A meat-andpotatoes focus
The good news for Gold Brands Investments and all who sail in her is that the company’s losses were significantly smaller in the year to February than they were in the previous year.
The bad news is that they were still sufficiently substantial for there to be a material uncertainty over whether it is a going concern, and for the auditors to issue a disclaimer.
The company operates a range of food brands, including its flagship Chesanyama, which offers truly heroic quantities of meat to people who prefer not to do the Weber-wrangling themselves.
Gold Brands has entered a partnership with the UK’S Casual Dining Group to launch new food concepts at an unsuspecting market — similar to the Latin American concept of Las Iguanas, whose menu offers a rapid tour around the various cuisines of its region while hopefully resisting the temptation to liven the experience up by tempting the punters with their favourite herbivorous lizard.
But it’s going to struggle to launch new brands without fixing the ones it is operating already, and this is a rather urgent matter.

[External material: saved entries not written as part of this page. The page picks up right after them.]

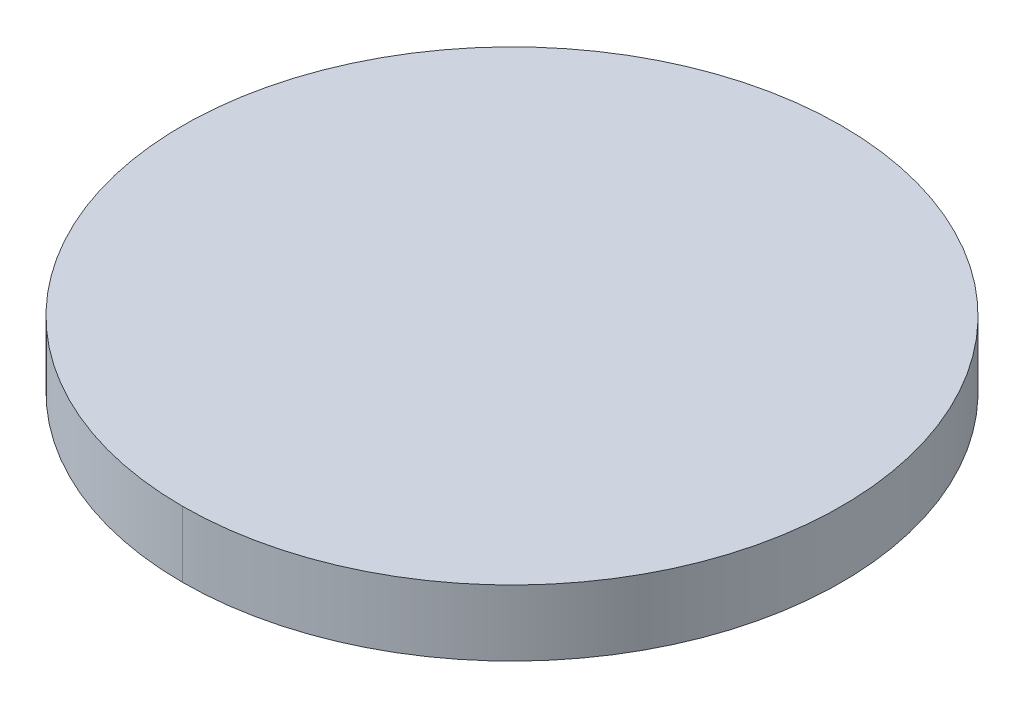
ISO-10303-21;
HEADER;
FILE_DESCRIPTION(('STEP AP214'),'2;1');
FILE_NAME('part.step','',(''),(''),'','','');
FILE_SCHEMA(('AUTOMOTIVE_DESIGN { 1 0 10303 214 1 1 1 1 }'));
ENDSEC;
DATA;
#1=APPLICATION_CONTEXT('core data for automotive mechanical design processes');
#2=APPLICATION_PROTOCOL_DEFINITION('international standard','automotive_design',2000,#1);
#3=PRODUCT_CONTEXT('',#1,'mechanical');
#4=PRODUCT('Part','Part','',(#3));
#5=PRODUCT_RELATED_PRODUCT_CATEGORY('part','',(#4));
#6=PRODUCT_DEFINITION_FORMATION('','',#4);
#7=PRODUCT_DEFINITION_CONTEXT('part definition',#1,'design');
#8=PRODUCT_DEFINITION('design','',#6,#7);
#9=PRODUCT_DEFINITION_SHAPE('','',#8);
#10=(LENGTH_UNIT() NAMED_UNIT(*) SI_UNIT(.MILLI.,.METRE.));
#11=(NAMED_UNIT(*) PLANE_ANGLE_UNIT() SI_UNIT($,.RADIAN.));
#12=(NAMED_UNIT(*) SI_UNIT($,.STERADIAN.) SOLID_ANGLE_UNIT());
#13=UNCERTAINTY_MEASURE_WITH_UNIT(LENGTH_MEASURE(1.E-05),#10,'distance_accuracy_value','');
#14=(GEOMETRIC_REPRESENTATION_CONTEXT(3) GLOBAL_UNCERTAINTY_ASSIGNED_CONTEXT((#13)) GLOBAL_UNIT_ASSIGNED_CONTEXT((#10,
#11,#12)) REPRESENTATION_CONTEXT('',''));
#15=CARTESIAN_POINT('',(0.,0.,0.));
#16=DIRECTION('',(0.,0.,1.));
#17=DIRECTION('',(1.,0.,0.));
#18=AXIS2_PLACEMENT_3D('',#15,#16,#17);
#19=CARTESIAN_POINT('',(0.,0.1,0.));
#20=DIRECTION('',(0.,1.,0.));
#21=DIRECTION('',(1.,0.,0.));
#22=AXIS2_PLACEMENT_3D('',#19,#20,#21);
#23=PLANE('',#22);
#24=CARTESIAN_POINT('',(0.,0.1,0.));
#25=DIRECTION('',(0.,-1.,0.));
#26=DIRECTION('',(0.,0.,1.));
#27=AXIS2_PLACEMENT_3D('',#24,#25,#26);
#28=CIRCLE('',#27,0.5);
#29=CARTESIAN_POINT('',(0.,0.1,0.5));
#30=VERTEX_POINT('',#29);
#31=CARTESIAN_POINT('',(0.,0.1,-0.5));
#32=VERTEX_POINT('',#31);
#33=EDGE_CURVE('E11',#30,#32,#28,.T.);
#34=ORIENTED_EDGE('',*,*,#33,.F.);
#35=CARTESIAN_POINT('',(0.,0.1,0.));
#36=DIRECTION('',(0.,-1.,0.));
#37=DIRECTION('',(0.,0.,1.));
#38=AXIS2_PLACEMENT_3D('',#35,#36,#37);
#39=CIRCLE('',#38,0.5);
#40=EDGE_CURVE('E65',#32,#30,#39,.T.);
#41=ORIENTED_EDGE('',*,*,#40,.F.);
#42=EDGE_LOOP('',(#34,#41));
#43=FACE_BOUND('',#42,.T.);
#44=ADVANCED_FACE('F17',(#43),#23,.T.);
#45=CARTESIAN_POINT('',(0.,0.,0.));
#46=DIRECTION('',(0.,1.,0.));
#47=DIRECTION('',(0.,0.,1.));
#48=AXIS2_PLACEMENT_3D('',#45,#46,#47);
#49=CYLINDRICAL_SURFACE('',#48,0.5);
#50=DIRECTION('',(0.,1.,0.));
#51=VECTOR('',#50,1.);
#52=CARTESIAN_POINT('',(0.,0.,-0.5));
#53=LINE('',#52,#51);
#54=CARTESIAN_POINT('',(0.,0.,-0.5));
#55=VERTEX_POINT('',#54);
#56=EDGE_CURVE('E57',#55,#32,#53,.T.);
#57=ORIENTED_EDGE('',*,*,#56,.F.);
#58=CARTESIAN_POINT('',(0.,0.,0.));
#59=DIRECTION('',(0.,1.,0.));
#60=DIRECTION('',(0.,0.,1.));
#61=AXIS2_PLACEMENT_3D('',#58,#59,#60);
#62=CIRCLE('',#61,0.5);
#63=CARTESIAN_POINT('',(0.,0.,0.5));
#64=VERTEX_POINT('',#63);
#65=EDGE_CURVE('E25',#55,#64,#62,.T.);
#66=ORIENTED_EDGE('',*,*,#65,.T.);
#67=DIRECTION('',(0.,1.,0.));
#68=VECTOR('',#67,1.);
#69=CARTESIAN_POINT('',(0.,0.,0.5));
#70=LINE('',#69,#68);
#71=EDGE_CURVE('E54',#64,#30,#70,.T.);
#72=ORIENTED_EDGE('',*,*,#71,.T.);
#73=ORIENTED_EDGE('',*,*,#33,.T.);
#74=EDGE_LOOP('',(#57,#66,#72,#73));
#75=FACE_BOUND('',#74,.T.);
#76=ADVANCED_FACE('F53',(#75),#49,.T.);
#77=CARTESIAN_POINT('',(0.,0.,0.));
#78=DIRECTION('',(0.,1.,0.));
#79=DIRECTION('',(1.,0.,0.));
#80=AXIS2_PLACEMENT_3D('',#77,#78,#79);
#81=PLANE('',#80);
#82=CARTESIAN_POINT('',(0.,0.,0.));
#83=DIRECTION('',(0.,1.,0.));
#84=DIRECTION('',(0.,0.,1.));
#85=AXIS2_PLACEMENT_3D('',#82,#83,#84);
#86=CIRCLE('',#85,0.5);
#87=EDGE_CURVE('E64',#64,#55,#86,.T.);
#88=ORIENTED_EDGE('',*,*,#87,.F.);
#89=ORIENTED_EDGE('',*,*,#65,.F.);
#90=EDGE_LOOP('',(#88,#89));
#91=FACE_BOUND('',#90,.T.);
#92=ADVANCED_FACE('F68',(#91),#81,.F.);
#93=CARTESIAN_POINT('',(0.,0.,0.));
#94=DIRECTION('',(0.,1.,0.));
#95=DIRECTION('',(0.,0.,1.));
#96=AXIS2_PLACEMENT_3D('',#93,#94,#95);
#97=CYLINDRICAL_SURFACE('',#96,0.5);
#98=ORIENTED_EDGE('',*,*,#87,.T.);
#99=ORIENTED_EDGE('',*,*,#56,.T.);
#100=ORIENTED_EDGE('',*,*,#40,.T.);
#101=ORIENTED_EDGE('',*,*,#71,.F.);
#102=EDGE_LOOP('',(#98,#99,#100,#101));
#103=FACE_BOUND('',#102,.T.);
#104=ADVANCED_FACE('F63',(#103),#97,.T.);
#105=CLOSED_SHELL('',(#44,#76,#92,#104));
#106=MANIFOLD_SOLID_BREP('B1',#105);
#107=ADVANCED_BREP_SHAPE_REPRESENTATION('',(#18,#106),#14);
#108=SHAPE_DEFINITION_REPRESENTATION(#9,#107);
ENDSEC;
END-ISO-10303-21;

Gold Brands is hoping to focus Chesanyama in particular in a more upmarket niche, targeting middle- to upper-lsm areas. This will be the key to ensuring its survival, but it is not being helped by tight trading conditions caused by never-ending pressure on its customers’ disposable income.
It is far from the easiest market in which to turn around a loss-making business. However, Gold Brands will need to achieve this at speed if it is to survive.